I often hear my clients talk about the struggles with the next generation and how hard it is to work with them. In my experience they are interested, provide insights and ideas, respond well to direction and facilitation and enjoy learning and growing. Here are some of my best tips for how to lead the next generation (or potentially any generation that needs a little boost).

1. Get to know your team members as individuals. Leaders can get lost in meeting goals, organizing the team around what they need to accomplish and pushing them to get results. Teams can be motivated to work together if they see the vision they are striving for. That being said, you will get the best out of each person if you understand who they are as an individual, what they care about, and what motivates or drives them. This takes time and focus but it pays off once you invest in it.

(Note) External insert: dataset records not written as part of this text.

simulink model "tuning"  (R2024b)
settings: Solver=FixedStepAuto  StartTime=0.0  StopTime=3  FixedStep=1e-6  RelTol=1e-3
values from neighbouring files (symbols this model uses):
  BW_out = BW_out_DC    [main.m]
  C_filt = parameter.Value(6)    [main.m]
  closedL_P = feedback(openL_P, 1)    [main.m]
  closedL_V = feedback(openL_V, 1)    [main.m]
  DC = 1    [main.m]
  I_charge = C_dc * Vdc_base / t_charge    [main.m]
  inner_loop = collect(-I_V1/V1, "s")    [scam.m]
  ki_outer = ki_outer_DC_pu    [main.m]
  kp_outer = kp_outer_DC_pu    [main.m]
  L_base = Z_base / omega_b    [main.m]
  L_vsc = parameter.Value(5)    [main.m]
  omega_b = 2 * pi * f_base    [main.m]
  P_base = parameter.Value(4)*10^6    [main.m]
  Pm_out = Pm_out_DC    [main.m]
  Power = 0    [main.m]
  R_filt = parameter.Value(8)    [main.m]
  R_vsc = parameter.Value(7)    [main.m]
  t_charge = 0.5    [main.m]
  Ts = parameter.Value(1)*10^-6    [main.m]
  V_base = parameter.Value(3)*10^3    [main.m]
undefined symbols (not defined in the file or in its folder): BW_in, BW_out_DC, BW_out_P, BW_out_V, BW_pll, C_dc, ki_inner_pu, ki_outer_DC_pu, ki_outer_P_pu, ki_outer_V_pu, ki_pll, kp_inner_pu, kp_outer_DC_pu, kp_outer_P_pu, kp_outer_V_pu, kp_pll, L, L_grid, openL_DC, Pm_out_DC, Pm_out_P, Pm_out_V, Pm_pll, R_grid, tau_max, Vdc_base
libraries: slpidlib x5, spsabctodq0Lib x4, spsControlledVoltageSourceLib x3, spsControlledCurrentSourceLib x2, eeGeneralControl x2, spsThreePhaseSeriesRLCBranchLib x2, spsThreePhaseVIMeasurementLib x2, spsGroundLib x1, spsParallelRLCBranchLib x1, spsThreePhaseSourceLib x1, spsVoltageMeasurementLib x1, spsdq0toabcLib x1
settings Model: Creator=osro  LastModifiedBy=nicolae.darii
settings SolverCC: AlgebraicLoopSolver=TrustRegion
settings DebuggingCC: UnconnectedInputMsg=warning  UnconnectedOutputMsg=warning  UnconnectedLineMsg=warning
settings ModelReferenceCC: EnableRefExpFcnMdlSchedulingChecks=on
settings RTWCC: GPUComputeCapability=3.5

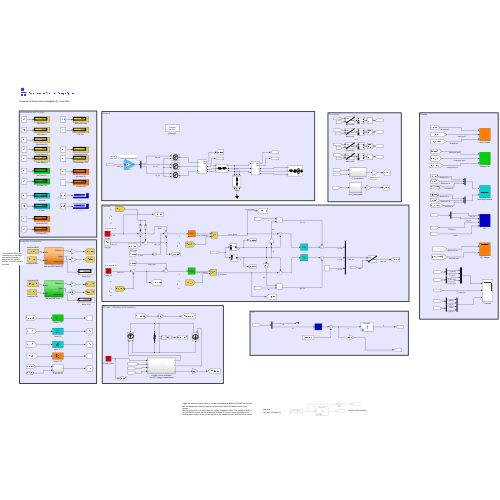
[thumbnail: Simulink's stored preview of the top-level diagram]
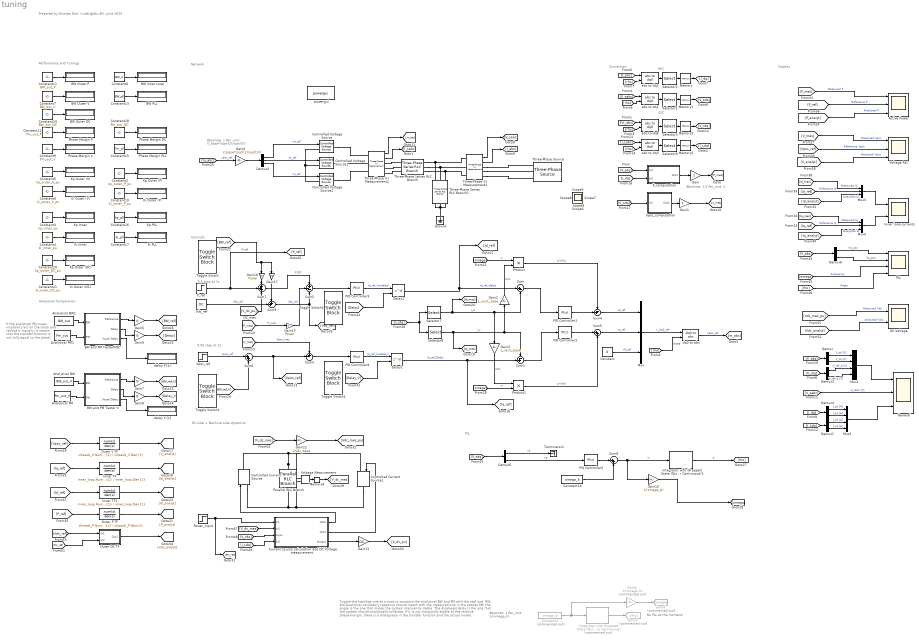
== system tuning ==
  note: PLL
  note: Toggle the switches one at a time to compare the analytical BW and PM with the real one:
      | BW: the analytical oscillatory responce should match with the measured one in the scopes
      | PM: the angle is the one that makes the system margianlly stable. The displayed delay is the one that the system should analytically tollerate. If it is not margianlly stable at the relative phase-margin, there is a divergnece in the transfer function and the actual model.
  note: If the analytical PM cuses instability act on the block and reduce it maualy (it means that the transfer function is not fully equal to the plant)
  note: No PLL at the moment!
  note: 0.05 step at 2s
  note: 0.5 step at 1s
  note: Absolute: 1
      | Per_unit: 1/(omega_b)
  note: Absolute: 1.5
      | Per_unit: 1
  note: Absolute: 1
      | Per_unit: V_base*(sqrt(2)/sqrt(3))
  note: Display
  note: Conversion
  note: Controls
  note: Analytical Comparision
  note: Network
  note: Performance and Tunings
  note: VSC
  note: PoC
  note: Prepared by Nicolae Darii (nidar@dtu.dk), June 2025
  note: DC side + Machine side dynamics
  Active Power : Scope  NumInputPorts=3
  Analytical BW : Constant  Value=BW_out_V
  Analytical BW1 : Constant  Value=BW_out
  Analytical PM : Constant  Value=Pm_out_V
  Analytical PM1 : Constant  Value=Pm_out
  BW Inner Loop : Display
  BW Outer DC : Display
  BW Outer P : Display
  BW Outer V : Display
  BW PLL : Display
  BW and PM Tester V : Subsystem
  BW and PM TesterP/DC : Subsystem
  Constant : Constant  Value=0
  Constant1 : Constant  Commented=on  Value=omega_b
  Constant10 : Constant  Value=ki_outer_P_pu
  Constant11 : Constant  Value=BW_out_P
  Constant12 : Constant  Value=Pm_out_P
  Constant13 : Constant  Value=BW_pll
  Constant14 : Constant  Value=omega_b
  Constant15 : Constant  Value=Pm_pll
  Constant16 : Constant  Value=kp_pll
  Constant17 : Constant  Value=ki_pll
  Constant18 : Constant  Value=Pm_out_DC
  Constant19 : Constant  Value=BW_out_DC
  Constant2 : Constant  Value=kp_outer_P_pu
  Constant20 : Constant  Value=kp_outer_DC_pu
  Constant21 : Constant  Value=ki_outer_DC_pu
  Constant3 : Constant  Value=kp_inner_pu
  Constant4 : Constant  Value=ki_inner_pu
  Constant5 : Constant  Value=kp_outer_V_pu
  Constant6 : Constant  Value=ki_outer_V_pu
  Constant7 : Constant  Value=BW_out_V
  Constant8 : Constant  Value=BW_in
  Constant9 : Constant  Value=Pm_out_V
  Controlled Current Source : spsControlledCurrentSourceLib/Controlled Current Source  Initialize=on  Source_Type=AC  Amplitude=0  Phase=0  Frequency=0  Measurements=None
  Controlled Current Source1 : spsControlledCurrentSourceLib/Controlled Current Source  Initialize=on  Source_Type=AC  Amplitude=0  Phase=0  Frequency=0  Measurements=None
  Controlled Voltage Source : spsControlledVoltageSourceLib/Controlled Voltage Source  Initialize=on  Source_Type=AC  Amplitude=0  Phase=0  Frequency=0  Measurements=None
  Controlled Voltage Source1 : spsControlledVoltageSourceLib/Controlled Voltage Source  Initialize=on  Source_Type=AC  Amplitude=0  Phase=0  Frequency=0  Measurements=None
  Controlled Voltage Source2 : spsControlledVoltageSourceLib/Controlled Voltage Source  Initialize=on  Source_Type=AC  Amplitude=0  Phase=0  Frequency=0  Measurements=None
  Current source calculation and DC Voltage measurement : Subsystem
  DC Voltage : Scope  NumInputPorts=2
  Delay1 : Delay  DelayLengthSource=Input port  DelayLength=floor(tau_max/Ts)  DelayLengthUpperLimit=10000
      settings: InputPortMap=u0,p1
  Delay2 : Delay  DelayLengthSource=Input port  DelayLength=floor(tau_max/Ts)  DelayLengthUpperLimit=10000
      settings: InputPortMap=u0,p1
  Demux{,1,3..6} (6 alike) : Demux  Outputs=2
  Demux2 : Demux  Outputs=3
  Gain : Gain
  Gain1 : Gain
  Gain10 : Gain  Gain=1/(omega_b)
  Gain11 : Gain  Gain=DC
  Gain12 : Gain  Gain=1/Vdc_base
  Gain13 : Gain  Gain=Power
  Gain16 : Gain  Gain=Power
  Gain17 : Gain  Gain=DC
  Gain2 : Gain  Gain=L_vsc/L_base
  Gain3 : Gain  Gain=L_vsc/L_base
  Gain4 : Gain  Commented=on  Gain=1/(omega_b)
  Gain{5,7..9} (4 alike) : Gain  Gain=0
  Gain6 : Gain  Gain=V_base*(sqrt(2)/sqrt(3))
  General : Scope  NumInputPorts=3
  Goto3 : Goto  Commented=on  GotoTag=rho
  Goto4 : Goto  Commented=on  GotoTag=omega
  Ground : spsGroundLib/Ground  LConnTagsString=a
  Inner TF : TransferFcn  Numerator=inner_loop.Num{1}  Denominator=inner_loop.Den{1}
  Inner TF1 : TransferFcn  Numerator=inner_loop.Num{1}  Denominator=inner_loop.Den{1}
  Inner loop currents : Scope  NumInputPorts=2
  Integrator with Wrapped State (Discrete or Continuous) : eeGeneralControl/Integrator with Wrapped State (Discrete or Continuous)  Commented=on  LabelModeActiveChoice=Discrete  WrappedStateUpperValue=2*pi  WrappedStateLowerValue=0  x0=0  Ts=-1
  Integrator with Wrapped State (Discrete or Continuous)1 : eeGeneralControl/Integrator with Wrapped State (Discrete or Continuous)  LabelModeActiveChoice=Discrete  WrappedStateUpperValue=2*pi  WrappedStateLowerValue=0  x0=0  Ts=-1
  Ki Inner : Display
  Ki Outer (DC) : Display
  Ki Outer (P) : Display
  Ki Outer (V) : Display
  Ki PLL : Display
  Kp Inner : Display
  Kp Outer (DC) : Display
  Kp Outer (P) : Display
  Kp Outer (V) : Display
  Kp PLL : Display
  Memory{,1..3} (4 alike) : Memory  InitialCondition=[0 0]  InheritSampleTime=on  LinearizeMemory=on  LinearizeAsDelay=on
  Memory4 : Memory
  Mux : Mux  Inputs=3
  Mux1 : Mux
  Mux2 : Mux
  Mux3 : Mux  Inputs=3
  Mux4 : Mux  Inputs=3
  Outer DC TF : Subsystem
  Outer P TF : TransferFcn  Numerator=closedL_P.Num{1}  Denominator=closedL_P.Den{1}
  Outer V TF : TransferFcn  Numerator=closedL_V.Num{1}  Denominator=closedL_V.Den{1}
  PID Controller1 : slpidlib/PID Controller  Controller=PI  Form=Parallel  TimeDomain=Discrete-time  UseExternalTs=off  SampleTime=Ts  IntegratorMethod=Forward Euler  FilterMethod=Forward Euler  ControllerParametersSource=internal  P=kp_inner_pu  I=ki_inner_pu  UseKiTs=off  D=0  UseExternalDerivativeSource=off  N=100  UseFilter=on  TunerSelectOption=Transfer Function Based (PID Tuner App)  InitialConditionSource=internal  InitialConditionForIntegrator=0  InitialConditionForFilter=0  DifferentiatorICPrevScaledInput=0  ExternalReset=none  TrackingMode=off  Kt=1  LimitOutput=off  SatLimitsSource=internal  UpperSaturationLimit=inf  LowerSaturationLimit=-inf  LinearizeAsGain=on  AntiWindupMode=none  Kb=1  LimitIntegrator=off  UpperIntegratorSaturationLimit=inf  LowerIntegratorSaturationLimit=-inf  POutMin=[]  POutMax=[]  IOutMin=[]  IOutMax=[]  DOutMin=[]  DOutMax=[]  NOutMin=[]  NOutMax=[]  SumOutMin=[]  SumOutMax=[]  SaturationOutMin=[]  SaturationOutMax=[]  PParamMin=[]  PParamMax=[]  IParamMin=[]  IParamMax=[]  DParamMin=[]  DParamMax=[]  NParamMin=[]  NParamMax=[]  KbParamMin=[]  KbParamMax=[]  KtParamMin=[]  KtParamMax=[]  KbOutMin=[]  KbOutMax=[]  KtOutMin=[]  KtOutMax=[]  IntegratorOutMin=[]  IntegratorOutMax=[]  FilterOutMin=[]  FilterOutMax=[]  SumI1OutMin=[]  SumI1OutMax=[]  SumI2OutMin=[]  SumI2OutMax=[]  SumI3OutMin=[]  SumI3OutMax=[]  SumI4OutMin=[]  SumI4OutMax=[]  SumDOutMin=[]  SumDOutMax=[]  DifferentiatorOutMin=[]  DifferentiatorOutMax=[]  FilterDiffOutCoefMin=[]  FilterDiffOutCoefMax=[]  ReciprocalOutMin=[]  ReciprocalOutMax=[]  SumDenOutMin=[]  SumDenOutMax=[]  SumNumOutMin=[]  SumNumOutMax=[]  DivideOutMin=[]  DivideOutMax=[]  UdiffTsProdOutMin=[]  UdiffTsProdOutMax=[]  NTsProdOutMin=[]  NTsProdOutMax=[]  UintegralTsProdOutMin=[]  UintegralTsProdOutMax=[]  UngainTsProdOutMin=[]  UngainTsProdOutMax=[]  ClampingZeroOutDataTypeStr=Inherit: Inherit via back propagation  ClampingZeroOutMin=[]  ClampingZeroOutMax=[]  FilterDenConstantOutDataTypeStr=Inherit: Inherit via back propagation  FilterDenConstantOutMin=[]  FilterDenConstantOutMax=[]  PCopyOutDataTypeStr=Inherit: Inherit via back propagation  PCopyOutMin=[]  PCopyOutMax=[]  NCopyOutDataTypeStr=Inherit: Inherit via back propagation  NCopyOutMin=[]  NCopyOutMax=[]  IntegratorContinuousStateAttributes=''  IntegratorStateMustResolveToSignalObject=off  IntegratorRTWStateStorageClass=Auto  FilterContinuousStateAttributes=''  FilterStateMustResolveToSignalObject=off  FilterRTWStateStorageClass=Auto  ParallelPVariant=InternalParameters  IdealPVariant=Disabled  IVariant=InternalParameters  DVariant=Disabled  IntegratorVariant=Discrete  SatVariant=Disabled  AWVariant=Passthrough  PCopyVariant=Disabled  TRVariant=Disabled  FdbkBlocksVariant=Forward  IdealPFdbkVariant=Disabled  SatFdbkVariant=Disabled  DerivativeFilterVariant=Disabled  NVariant=Disabled  NCopyVariant=Disabled_SignalSpec  FilterICVariant=Disabled  IntegratorICVariant=InternalICs  ExternalResetVariant=Disabled  TRSumVariant=Passthrough  SumFdbkVariant=Disabled  SumVariant=Sum_PI  TsampFilterVariant=InternalTs  TsampNgainVariant=Passthrough  TsampIntegralVariant=Disabled_SignalSpec  ExternalSaturationOutDataTypeStr=Inherit: Same as second input  DerivativeSourceVariant=Disabled  PreIntVariant=InternalPreInt
  PID Controller2 : slpidlib/PID Controller  Controller=PI  Form=Parallel  TimeDomain=Discrete-time  UseExternalTs=off  SampleTime=Ts  IntegratorMethod=Forward Euler  FilterMethod=Forward Euler  ControllerParametersSource=internal  P=kp_inner_pu  I=ki_inner_pu  UseKiTs=off  D=0  UseExternalDerivativeSource=off  N=100  UseFilter=on  TunerSelectOption=Transfer Function Based (PID Tuner App)  InitialConditionSource=internal  InitialConditionForIntegrator=0  InitialConditionForFilter=0  DifferentiatorICPrevScaledInput=0  ExternalReset=none  TrackingMode=off  Kt=1  LimitOutput=off  SatLimitsSource=internal  UpperSaturationLimit=inf  LowerSaturationLimit=-inf  LinearizeAsGain=on  AntiWindupMode=none  Kb=1  LimitIntegrator=off  UpperIntegratorSaturationLimit=inf  LowerIntegratorSaturationLimit=-inf  POutMin=[]  POutMax=[]  IOutMin=[]  IOutMax=[]  DOutMin=[]  DOutMax=[]  NOutMin=[]  NOutMax=[]  SumOutMin=[]  SumOutMax=[]  SaturationOutMin=[]  SaturationOutMax=[]  PParamMin=[]  PParamMax=[]  IParamMin=[]  IParamMax=[]  DParamMin=[]  DParamMax=[]  NParamMin=[]  NParamMax=[]  KbParamMin=[]  KbParamMax=[]  KtParamMin=[]  KtParamMax=[]  KbOutMin=[]  KbOutMax=[]  KtOutMin=[]  KtOutMax=[]  IntegratorOutMin=[]  IntegratorOutMax=[]  FilterOutMin=[]  FilterOutMax=[]  SumI1OutMin=[]  SumI1OutMax=[]  SumI2OutMin=[]  SumI2OutMax=[]  SumI3OutMin=[]  SumI3OutMax=[]  SumI4OutMin=[]  SumI4OutMax=[]  SumDOutMin=[]  SumDOutMax=[]  DifferentiatorOutMin=[]  DifferentiatorOutMax=[]  FilterDiffOutCoefMin=[]  FilterDiffOutCoefMax=[]  ReciprocalOutMin=[]  ReciprocalOutMax=[]  SumDenOutMin=[]  SumDenOutMax=[]  SumNumOutMin=[]  SumNumOutMax=[]  DivideOutMin=[]  DivideOutMax=[]  UdiffTsProdOutMin=[]  UdiffTsProdOutMax=[]  NTsProdOutMin=[]  NTsProdOutMax=[]  UintegralTsProdOutMin=[]  UintegralTsProdOutMax=[]  UngainTsProdOutMin=[]  UngainTsProdOutMax=[]  ClampingZeroOutDataTypeStr=Inherit: Inherit via back propagation  ClampingZeroOutMin=[]  ClampingZeroOutMax=[]  FilterDenConstantOutDataTypeStr=Inherit: Inherit via back propagation  FilterDenConstantOutMin=[]  FilterDenConstantOutMax=[]  PCopyOutDataTypeStr=Inherit: Inherit via back propagation  PCopyOutMin=[]  PCopyOutMax=[]  NCopyOutDataTypeStr=Inherit: Inherit via back propagation  NCopyOutMin=[]  NCopyOutMax=[]  IntegratorContinuousStateAttributes=''  IntegratorStateMustResolveToSignalObject=off  IntegratorRTWStateStorageClass=Auto  FilterContinuousStateAttributes=''  FilterStateMustResolveToSignalObject=off  FilterRTWStateStorageClass=Auto  ParallelPVariant=InternalParameters  IdealPVariant=Disabled  IVariant=InternalParameters  DVariant=Disabled  IntegratorVariant=Discrete  SatVariant=Disabled  AWVariant=Passthrough  PCopyVariant=Disabled  TRVariant=Disabled  FdbkBlocksVariant=Forward  IdealPFdbkVariant=Disabled  SatFdbkVariant=Disabled  DerivativeFilterVariant=Disabled  NVariant=Disabled  NCopyVariant=Disabled_SignalSpec  FilterICVariant=Disabled  IntegratorICVariant=InternalICs  ExternalResetVariant=Disabled  TRSumVariant=Passthrough  SumFdbkVariant=Disabled  SumVariant=Sum_PI  TsampFilterVariant=InternalTs  TsampNgainVariant=Passthrough  TsampIntegralVariant=Disabled_SignalSpec  ExternalSaturationOutDataTypeStr=Inherit: Same as second input  DerivativeSourceVariant=Disabled  PreIntVariant=InternalPreInt
  PID Controller3 : slpidlib/PID Controller  Controller=PI  Form=Parallel  TimeDomain=Discrete-time  UseExternalTs=off  SampleTime=Ts  IntegratorMethod=Forward Euler  FilterMethod=Forward Euler  ControllerParametersSource=internal  P=kp_outer  I=ki_outer  UseKiTs=off  D=0  UseExternalDerivativeSource=off  N=100  UseFilter=on  TunerSelectOption=Transfer Function Based (PID Tuner App)  InitialConditionSource=internal  InitialConditionForIntegrator=0  InitialConditionForFilter=0  DifferentiatorICPrevScaledInput=0  ExternalReset=none  TrackingMode=off  Kt=1  LimitOutput=off  SatLimitsSource=internal  UpperSaturationLimit=inf  LowerSaturationLimit=-inf  LinearizeAsGain=on  AntiWindupMode=none  Kb=1  LimitIntegrator=off  UpperIntegratorSaturationLimit=inf  LowerIntegratorSaturationLimit=-inf  POutMin=[]  POutMax=[]  IOutMin=[]  IOutMax=[]  DOutMin=[]  DOutMax=[]  NOutMin=[]  NOutMax=[]  SumOutMin=[]  SumOutMax=[]  SaturationOutMin=[]  SaturationOutMax=[]  PParamMin=[]  PParamMax=[]  IParamMin=[]  IParamMax=[]  DParamMin=[]  DParamMax=[]  NParamMin=[]  NParamMax=[]  KbParamMin=[]  KbParamMax=[]  KtParamMin=[]  KtParamMax=[]  KbOutMin=[]  KbOutMax=[]  KtOutMin=[]  KtOutMax=[]  IntegratorOutMin=[]  IntegratorOutMax=[]  FilterOutMin=[]  FilterOutMax=[]  SumI1OutMin=[]  SumI1OutMax=[]  SumI2OutMin=[]  SumI2OutMax=[]  SumI3OutMin=[]  SumI3OutMax=[]  SumI4OutMin=[]  SumI4OutMax=[]  SumDOutMin=[]  SumDOutMax=[]  DifferentiatorOutMin=[]  DifferentiatorOutMax=[]  FilterDiffOutCoefMin=[]  FilterDiffOutCoefMax=[]  ReciprocalOutMin=[]  ReciprocalOutMax=[]  SumDenOutMin=[]  SumDenOutMax=[]  SumNumOutMin=[]  SumNumOutMax=[]  DivideOutMin=[]  DivideOutMax=[]  UdiffTsProdOutMin=[]  UdiffTsProdOutMax=[]  NTsProdOutMin=[]  NTsProdOutMax=[]  UintegralTsProdOutMin=[]  UintegralTsProdOutMax=[]  UngainTsProdOutMin=[]  UngainTsProdOutMax=[]  ClampingZeroOutDataTypeStr=Inherit: Inherit via back propagation  ClampingZeroOutMin=[]  ClampingZeroOutMax=[]  FilterDenConstantOutDataTypeStr=Inherit: Inherit via back propagation  FilterDenConstantOutMin=[]  FilterDenConstantOutMax=[]  PCopyOutDataTypeStr=Inherit: Inherit via back propagation  PCopyOutMin=[]  PCopyOutMax=[]  NCopyOutDataTypeStr=Inherit: Inherit via back propagation  NCopyOutMin=[]  NCopyOutMax=[]  IntegratorContinuousStateAttributes=''  IntegratorStateMustResolveToSignalObject=off  IntegratorRTWStateStorageClass=Auto  FilterContinuousStateAttributes=''  FilterStateMustResolveToSignalObject=off  FilterRTWStateStorageClass=Auto  ParallelPVariant=InternalParameters  IdealPVariant=Disabled  IVariant=InternalParameters  DVariant=Disabled  IntegratorVariant=Discrete  SatVariant=Disabled  AWVariant=Passthrough  PCopyVariant=Disabled  TRVariant=Disabled  FdbkBlocksVariant=Forward  IdealPFdbkVariant=Disabled  SatFdbkVariant=Disabled  DerivativeFilterVariant=Disabled  NVariant=Disabled  NCopyVariant=Disabled_SignalSpec  FilterICVariant=Disabled  IntegratorICVariant=InternalICs  ExternalResetVariant=Disabled  TRSumVariant=Passthrough  SumFdbkVariant=Disabled  SumVariant=Sum_PI  TsampFilterVariant=InternalTs  TsampNgainVariant=Passthrough  TsampIntegralVariant=Disabled_SignalSpec  ExternalSaturationOutDataTypeStr=Inherit: Same as second input  DerivativeSourceVariant=Disabled  PreIntVariant=InternalPreInt
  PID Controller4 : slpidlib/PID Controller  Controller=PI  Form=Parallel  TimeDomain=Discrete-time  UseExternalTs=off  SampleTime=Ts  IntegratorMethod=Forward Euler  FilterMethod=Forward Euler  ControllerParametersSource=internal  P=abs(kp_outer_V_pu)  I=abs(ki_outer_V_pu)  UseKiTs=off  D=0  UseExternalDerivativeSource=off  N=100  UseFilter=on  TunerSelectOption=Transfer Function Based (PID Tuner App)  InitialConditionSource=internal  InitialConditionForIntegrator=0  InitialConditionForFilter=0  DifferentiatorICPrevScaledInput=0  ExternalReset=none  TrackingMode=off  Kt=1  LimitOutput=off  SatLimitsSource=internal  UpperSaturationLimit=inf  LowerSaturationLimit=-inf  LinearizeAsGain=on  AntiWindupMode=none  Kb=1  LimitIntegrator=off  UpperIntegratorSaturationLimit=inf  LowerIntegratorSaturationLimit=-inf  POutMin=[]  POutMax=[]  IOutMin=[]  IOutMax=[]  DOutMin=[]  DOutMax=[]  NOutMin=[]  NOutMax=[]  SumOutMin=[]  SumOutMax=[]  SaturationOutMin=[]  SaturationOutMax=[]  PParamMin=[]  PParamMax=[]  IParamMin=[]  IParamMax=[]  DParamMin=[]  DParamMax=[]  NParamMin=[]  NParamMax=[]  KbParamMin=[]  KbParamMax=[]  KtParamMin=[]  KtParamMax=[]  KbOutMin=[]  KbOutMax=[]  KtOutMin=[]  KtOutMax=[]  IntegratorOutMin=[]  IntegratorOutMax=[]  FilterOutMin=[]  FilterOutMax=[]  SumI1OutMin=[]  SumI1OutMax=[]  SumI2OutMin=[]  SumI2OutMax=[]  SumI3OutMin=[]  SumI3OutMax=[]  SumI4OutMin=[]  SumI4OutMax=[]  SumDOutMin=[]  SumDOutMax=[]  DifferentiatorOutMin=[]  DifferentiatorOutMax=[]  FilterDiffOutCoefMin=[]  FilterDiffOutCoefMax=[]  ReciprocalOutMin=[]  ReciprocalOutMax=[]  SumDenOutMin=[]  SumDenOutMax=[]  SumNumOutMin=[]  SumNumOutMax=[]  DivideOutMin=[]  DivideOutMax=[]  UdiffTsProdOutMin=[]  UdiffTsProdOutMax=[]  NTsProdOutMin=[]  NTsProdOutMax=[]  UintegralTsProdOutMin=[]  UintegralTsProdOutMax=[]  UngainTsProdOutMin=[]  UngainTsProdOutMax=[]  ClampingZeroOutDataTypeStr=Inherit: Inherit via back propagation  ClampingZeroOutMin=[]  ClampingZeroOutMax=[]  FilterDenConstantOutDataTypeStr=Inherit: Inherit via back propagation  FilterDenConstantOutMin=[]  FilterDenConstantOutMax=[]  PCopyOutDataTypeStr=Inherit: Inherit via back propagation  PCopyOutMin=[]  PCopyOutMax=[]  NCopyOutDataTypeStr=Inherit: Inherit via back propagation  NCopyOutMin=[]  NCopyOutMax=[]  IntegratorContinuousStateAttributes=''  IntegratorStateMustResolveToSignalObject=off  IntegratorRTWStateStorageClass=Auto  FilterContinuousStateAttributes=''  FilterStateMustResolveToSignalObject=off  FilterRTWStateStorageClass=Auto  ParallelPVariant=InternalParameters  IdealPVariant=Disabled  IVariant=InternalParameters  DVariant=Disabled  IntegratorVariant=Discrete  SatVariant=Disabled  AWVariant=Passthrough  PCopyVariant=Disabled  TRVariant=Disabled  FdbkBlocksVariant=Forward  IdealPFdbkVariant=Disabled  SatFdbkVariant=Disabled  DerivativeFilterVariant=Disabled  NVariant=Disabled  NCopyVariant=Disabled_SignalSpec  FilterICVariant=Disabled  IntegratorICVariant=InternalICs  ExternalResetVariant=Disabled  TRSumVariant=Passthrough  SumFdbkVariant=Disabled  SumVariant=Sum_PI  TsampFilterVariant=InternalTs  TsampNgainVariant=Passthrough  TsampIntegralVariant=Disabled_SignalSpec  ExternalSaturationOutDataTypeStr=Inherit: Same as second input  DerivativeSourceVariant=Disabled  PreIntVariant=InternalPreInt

2. Set a clear vision and desired outcome for success. Those of you who read my column often may tire of hearing me say this, but I can’t underscore it enough: When I work with a group of leaders in our industry, and I ask them to take a few minutes to set their desired outcome in writing for the end of the year and into next year, very few can do this easily. When I add the outcome should have both quantitative characteristics and qualitative ones, leaders are often stumped about what exactly they need to focus on.

We often know the revenue goal – and maybe even the budgets and profitability goals – but few leaders take the time to capture the qualitative outcomes they seek. If you can’t easily state it, if you aren’t able to articulate it to your team, and if they don’t clearly see what it is and how they need to get there, they won’t jump on board!